[Provided records Boundary: Start]

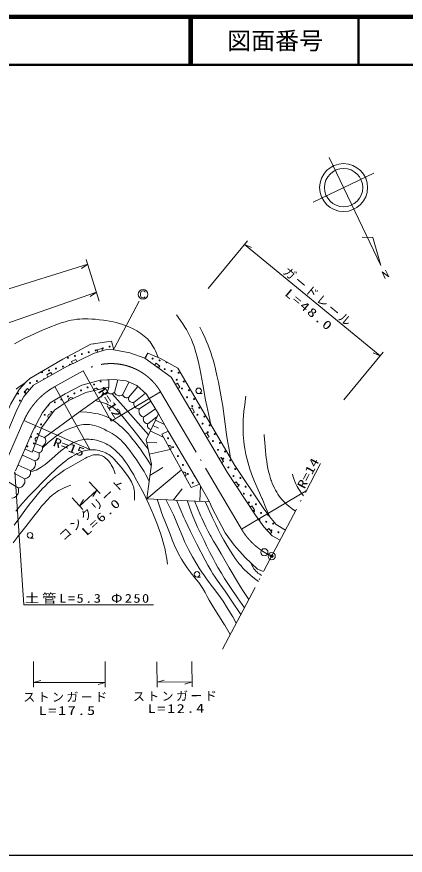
# Model space of a CAD drawing. Units: millimetres, scale not verified. Extents: x 40000 to 680000, y 20000 to 380000.
# Drawn here: x 472751 to 553761, y 205000 to 380000 of the extents above; entities that cross this region are included whole.
import ezdxf
from ezdxf.enums import TextEntityAlignment as Align

# ---------------------------------------------------------------- set-up
doc = ezdxf.new("R2010")
doc.units = ezdxf.units.MM
doc.header["$LTSCALE"] = 1000
doc.header["$PDMODE"] = 32
doc.header["$PDSIZE"] = 500
doc.linetypes.add('USER1', pattern=[18.5, 14.557377, -1.819672, 0.303279, -1.819672])
for name, color, linetype, lineweight in [('M-BGD', 7, 'Continuous', 13), ('M-BMK', 2, 'USER1', 13), ('M-BMK-SRVR', 3, 'Continuous', 13), ('M-STR-HTXT', 7, 'Continuous', 13), ('M-TTL', 2, 'Continuous', 140), ('M-TTL-BAND', 7, 'Continuous', 25), ('M-TTL-LINE', 7, 'Continuous', 50)]:
    doc.layers.add(name, color=color, linetype=linetype, lineweight=lineweight)
doc.layers.add('M-OTRS', color=6, linetype='Continuous')
doc.layers.add('M-TTL-TXT', color=7, linetype='Continuous')
doc.styles.add('ＭＳ ゴシック', font='')
doc.styles.get('ＭＳ ゴシック').set_extended_font_data('MS Gothic')

msp = doc.modelspace()

# ---------------------------------------------------------------- linework, layer by layer
at = {"layer": 'M-BGD'}
for p, q in [((493098, 301603), (493812, 304203)), ((494864, 301151), (496115, 303769)), ((496025, 300548), (497998, 302822)), ((497182, 299483), (499567, 301441)), ((510673, 301356), (511419, 301356)), ((498366, 298156), (500675, 299801)), ((499200, 296455), (501657, 298189)), ((500057, 295040), (501984, 296508)), ((501657, 295819), (503543, 294925)), ((501125, 294699), (502276, 294153)), ((478550, 292198), (477313, 292674)), ((500593, 293578), (503310, 292289)), ((478029, 290328), (476655, 290922)), ((499828, 291217), (501930, 291100)), ((477340, 288971), (476088, 289466)), ((500387, 288706), (504753, 289679)), ((476494, 287313), (473912, 288467)), ((475554, 285286), (473032, 286432)), ((499903, 279412), (507099, 285433)), ((500533, 284251), (503229, 285903)), ((474373, 283573), (472216, 284733)), ((473025, 281655), (471118, 282880)), ((510926, 278886), (511078, 282070)), ((505414, 279149), (507251, 281450)), ((475508, 271207), (476254, 271207)), ((510342, 263061), (511089, 263061))]:
    msp.add_line(p, q, dxfattribs=at)
for points in [[(499529, 322542), (499489, 322637), (499419, 322707), (499324, 322762), (499209, 322792), (499014, 322792), (498859, 322762), (498699, 322652), (498604, 322512), (498564, 322312), (498564, 321822), (498604, 321612), (498679, 321487), (498824, 321382), (499004, 321342), (499194, 321342), (499339, 321357), (499414, 321402), (499484, 321467), (499514, 321537)], [(502254, 308892), (501964, 309601), (501657, 310300), (501450, 310721), (501227, 311132), (501009, 311488), (500785, 311816), (500543, 312132), (500279, 312445), (499991, 312753), (499682, 313055), (499350, 313351), (498987, 313645), (498611, 313925), (498206, 314201), (497780, 314466), (497334, 314719), (496871, 314958), (496253, 315245), (495739, 315457), (495221, 315649), (494660, 315834), (494095, 316000), (493467, 316162), (492825, 316307), (492069, 316455), (491308, 316583), (490861, 316651), (489974, 316762), (489079, 316853), (488376, 316907), (487666, 316940), (487058, 316950), (486442, 316940), (485888, 316911), (485336, 316862), (485169, 316843), (484618, 316758), (484070, 316653), (483478, 316518), (482880, 316361), (482219, 316164), (481562, 315948), (480776, 315666), (479996, 315365), (478125, 314583), (476751, 313979), (475384, 313355), (474458, 312912), (473542, 312452), (472257, 311759)], [(513240, 294889), (512798, 296839), (512375, 298793), (512138, 299979), (511549, 303274), (510938, 306577), (510732, 307535), (510507, 308490), (510323, 309198), (510111, 309951), (509876, 310709), (509650, 311374), (509405, 312032), (509163, 312625), (508903, 313210), (508425, 314164), (508116, 314711), (507790, 315249), (507356, 315920), (506904, 316581), (506030, 317806)], [(517353, 287884), (517017, 289701), (516701, 291520), (516502, 292793), (515725, 298695), (515538, 299867), (515330, 301036), (514790, 303762), (514503, 305106), (514194, 306456), (513957, 307409), (513699, 308366), (513464, 309162), (513208, 309961), (512961, 310667), (512695, 311366), (512654, 311468), (512351, 312195), (512024, 312923), (511473, 314077), (510903, 315224), (510894, 315242)], [(414267, 286078), (415120, 287061), (419886, 284371), (435483, 275261), (436813, 274723), (438979, 274107), (443620, 274017), (459062, 279265), (463578, 282718), (465976, 286493), (469846, 295452), (471521, 299185), (473273, 302181), (474720, 303838), (475443, 304510), (482366, 308514), (488220, 311661), (492504, 312294), (492996, 310457)], [(468685, 288440), (472811, 298074), (474216, 300727), (476251, 303144), (482940, 306893), (488774, 309732), (491433, 310530), (492996, 310457), (496301, 309833), (499482, 308743), (504929, 304802), (516609, 284933), (522522, 275945), (524242, 273556), (526041, 271650), (527681, 270762)], [(490620, 310286), (490476, 310765), (489518, 310477), (489662, 309998)], [(528773, 272830), (526843, 274053), (525439, 275710), (524159, 277509), (518261, 286338), (506321, 306670), (502708, 308703), (500109, 309784), (499482, 308743)], [(485267, 308026), (485049, 308475), (484149, 308038), (484368, 307588)], [(502316, 306693), (502609, 307098), (501799, 307684), (501505, 307279)], [(480115, 305310), (479870, 305746), (478998, 305257), (479242, 304821)], [(524212, 264194), (522987, 264736), (520404, 267116), (518119, 269711), (516221, 272324), (513513, 277412), (512936, 278769), (510883, 282417), (504342, 293504), (502289, 297152), (499801, 301234), (497760, 303032), (495529, 304032), (492964, 304287), (490143, 304151), (486322, 303085), (482829, 301300), (479734, 299419), (478098, 297372), (476193, 293742), (472515, 285238)], [(474544, 303637), (473787, 303130), (473035, 302601), (472589, 302265)], [(491959, 304239), (491974, 302663), (487146, 301565), (483474, 299818), (480606, 297913), (477895, 294226), (475994, 289158), (474473, 289764)], [(490143, 304151), (491959, 304239), (491974, 302663)], [(506332, 302414), (506763, 302668), (506257, 303530), (505826, 303277)], [(475351, 302075), (474968, 302397), (474324, 301632), (474707, 301310)], [(478550, 292198), (485549, 297301), (491662, 301718), (491974, 302663)], [(488750, 301930), (488763, 302051), (488800, 302159), (488869, 302287), (488963, 302370), (489069, 302430), (489221, 302465), (489343, 302457), (489463, 302423), (489583, 302337), (489663, 302255), (489725, 302151)], [(493095, 301603), (492982, 301500), (492867, 301415), (492665, 301330), (492496, 301304), (492352, 301305), (492188, 301332), (492044, 301387), (491888, 301472), (491770, 301579), (491665, 301717)], [(500208, 292765), (498059, 295158), (494916, 298739), (492672, 301311)], [(494859, 301153), (494696, 301048), (494534, 300968), (494265, 300905), (494049, 300908), (493869, 300940), (493671, 301010), (493503, 301109), (493327, 301248), (493203, 301407), (493103, 301602)], [(496022, 300549), (495891, 300503), (495765, 300473), (495566, 300473), (495415, 300510), (495295, 300562), (495167, 300643), (495066, 300740), (494966, 300866), (494905, 300997), (494866, 301150)], [(483563, 299860), (483550, 299981), (483562, 300095), (483601, 300235), (483674, 300337), (483766, 300419), (483905, 300485), (484027, 300504), (484152, 300497), (484287, 300440), (484383, 300378), (484466, 300290)], [(489112, 299875), (489854, 299691), (490595, 299485), (491034, 299344), (491472, 299182), (491817, 299034), (492160, 298865), (492229, 298828), (492541, 298645), (492843, 298444), (493159, 298209), (493472, 297950), (493811, 297642), (494147, 297309), (494540, 296886), (494929, 296439), (495756, 295421), (497225, 293550), (498663, 291688), (500159, 289732)], [(497179, 299486), (497012, 299473), (496856, 299478), (496626, 299541), (496463, 299631), (496340, 299729), (496217, 299863), (496131, 300007), (496054, 300184), (496025, 300356), (496028, 300545)], [(498363, 298159), (498174, 298164), (497999, 298186), (497746, 298282), (497574, 298402), (497445, 298526), (497322, 298691), (497241, 298862), (497174, 299071), (497160, 299267), (497185, 299480)], [(525510, 275626), (524717, 277523), (523901, 279422), (523857, 279523), (523085, 281256), (522327, 283005), (521897, 284080), (521618, 284841), (521358, 285608), (521123, 286363), (520907, 287124), (520715, 287871), (520544, 288623), (520296, 289921), (520184, 290654), (520092, 291390), (520021, 292117), (519971, 292846), (519941, 293555), (519931, 294274), (519931, 294374), (519946, 295122), (519980, 295880), (520044, 296766), (520128, 297662), (520281, 298994), (520454, 300326), (520516, 300783)], [(500806, 286345), (499940, 287680), (499058, 289002), (498539, 289749), (498014, 290477), (497472, 291193), (496987, 291803), (496487, 292399), (496016, 292931), (495529, 293449), (494637, 294322), (494200, 294713), (493741, 295096), (493333, 295411), (492915, 295709), (492538, 295955), (492143, 296188), (491775, 296383), (491399, 296559), (491381, 296567), (490998, 296722), (490607, 296858), (490172, 296987), (489730, 297097), (489213, 297203), (488690, 297289), (488029, 297375), (487352, 297442), (485892, 297549)], [(499198, 296459), (499006, 296518), (498833, 296591), (498601, 296763), (498458, 296935), (498362, 297099), (498283, 297303), (498249, 297502), (498240, 297735), (498282, 297940), (498368, 298152)], [(509370, 297246), (509801, 297500), (509295, 298362), (508864, 298108)], [(479379, 296245), (479310, 296345), (479267, 296452), (479235, 296593), (479252, 296717), (479293, 296833), (479385, 296958), (479483, 297032), (479596, 297085), (479743, 297098), (479857, 297089), (479972, 297051)], [(500055, 295044), (499883, 295080), (499727, 295130), (499512, 295261), (499375, 295401), (499279, 295536), (499194, 295707), (499149, 295878), (499123, 296080), (499144, 296261), (499202, 296452)], [(512924, 278790), (499903, 279412), (500846, 286647), (499715, 291726), (502289, 297152)], [(478131, 290025), (479241, 291068), (479739, 291505), (480259, 291934), (480728, 292296), (481209, 292642), (481651, 292936), (482111, 293218), (482874, 293630), (483333, 293844), (483811, 294045), (484869, 294429), (485379, 294589), (485894, 294729), (486276, 294814), (486659, 294878), (487270, 294929), (487595, 294923), (487919, 294897), (488271, 294846), (488621, 294775), (489009, 294674), (489404, 294550), (489862, 294383), (490316, 294195), (490978, 293892), (491566, 293599), (492139, 293291), (492619, 293012), (493085, 292717), (493487, 292441), (493884, 292143), (494228, 291861), (494566, 291557), (494687, 291441), (495024, 291086), (495346, 290718), (495735, 290237), (496115, 289735), (497006, 288487), (497761, 287426), (498498, 286357), (498903, 285727), (499292, 285077), (499664, 284417), (500381, 283078)], [(500734, 293880), (500594, 293912), (500468, 293955), (500295, 294065), (500185, 294180), (500108, 294291), (500042, 294432), (500008, 294571), (499989, 294736), (500009, 294883), (500059, 295037)], [(476804, 291317), (476710, 291395), (476640, 291486), (476570, 291613), (476553, 291737), (476561, 291860), (476616, 292005), (476690, 292103), (476785, 292184), (476922, 292237), (477034, 292259), (477155, 292254)], [(510883, 282417), (509150, 281721), (502986, 292875), (504342, 293504)], [(502986, 292875), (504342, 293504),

[Provided records Boundary: End]

What you will do -
Among the entries above, the lines between the ones containing "msp = doc.modelspace()" and "msp.add_line(p, q, dxfattribs=at)", inclusive, are to be transcribed exactly. No other line is to be given.

Expected output -
msp = doc.modelspace()

# ---------------------------------------------------------------- linework, layer by layer
at = {"layer": 'M-BGD'}
for p, q in [((493098, 301603), (493812, 304203)), ((494864, 301151), (496115, 303769)), ((496025, 300548), (497998, 302822)), ((497182, 299483), (499567, 301441)), ((510673, 301356), (511419, 301356)), ((498366, 298156), (500675, 299801)), ((499200, 296455), (501657, 298189)), ((500057, 295040), (501984, 296508)), ((501657, 295819), (503543, 294925)), ((501125, 294699), (502276, 294153)), ((478550, 292198), (477313, 292674)), ((500593, 293578), (503310, 292289)), ((478029, 290328), (476655, 290922)), ((499828, 291217), (501930, 291100)), ((477340, 288971), (476088, 289466)), ((500387, 288706), (504753, 289679)), ((476494, 287313), (473912, 288467)), ((475554, 285286), (473032, 286432)), ((499903, 279412), (507099, 285433)), ((500533, 284251), (503229, 285903)), ((474373, 283573), (472216, 284733)), ((473025, 281655), (471118, 282880)), ((510926, 278886), (511078, 282070)), ((505414, 279149), (507251, 281450)), ((475508, 271207), (476254, 271207)), ((510342, 263061), (511089, 263061))]:
    msp.add_line(p, q, dxfattribs=at)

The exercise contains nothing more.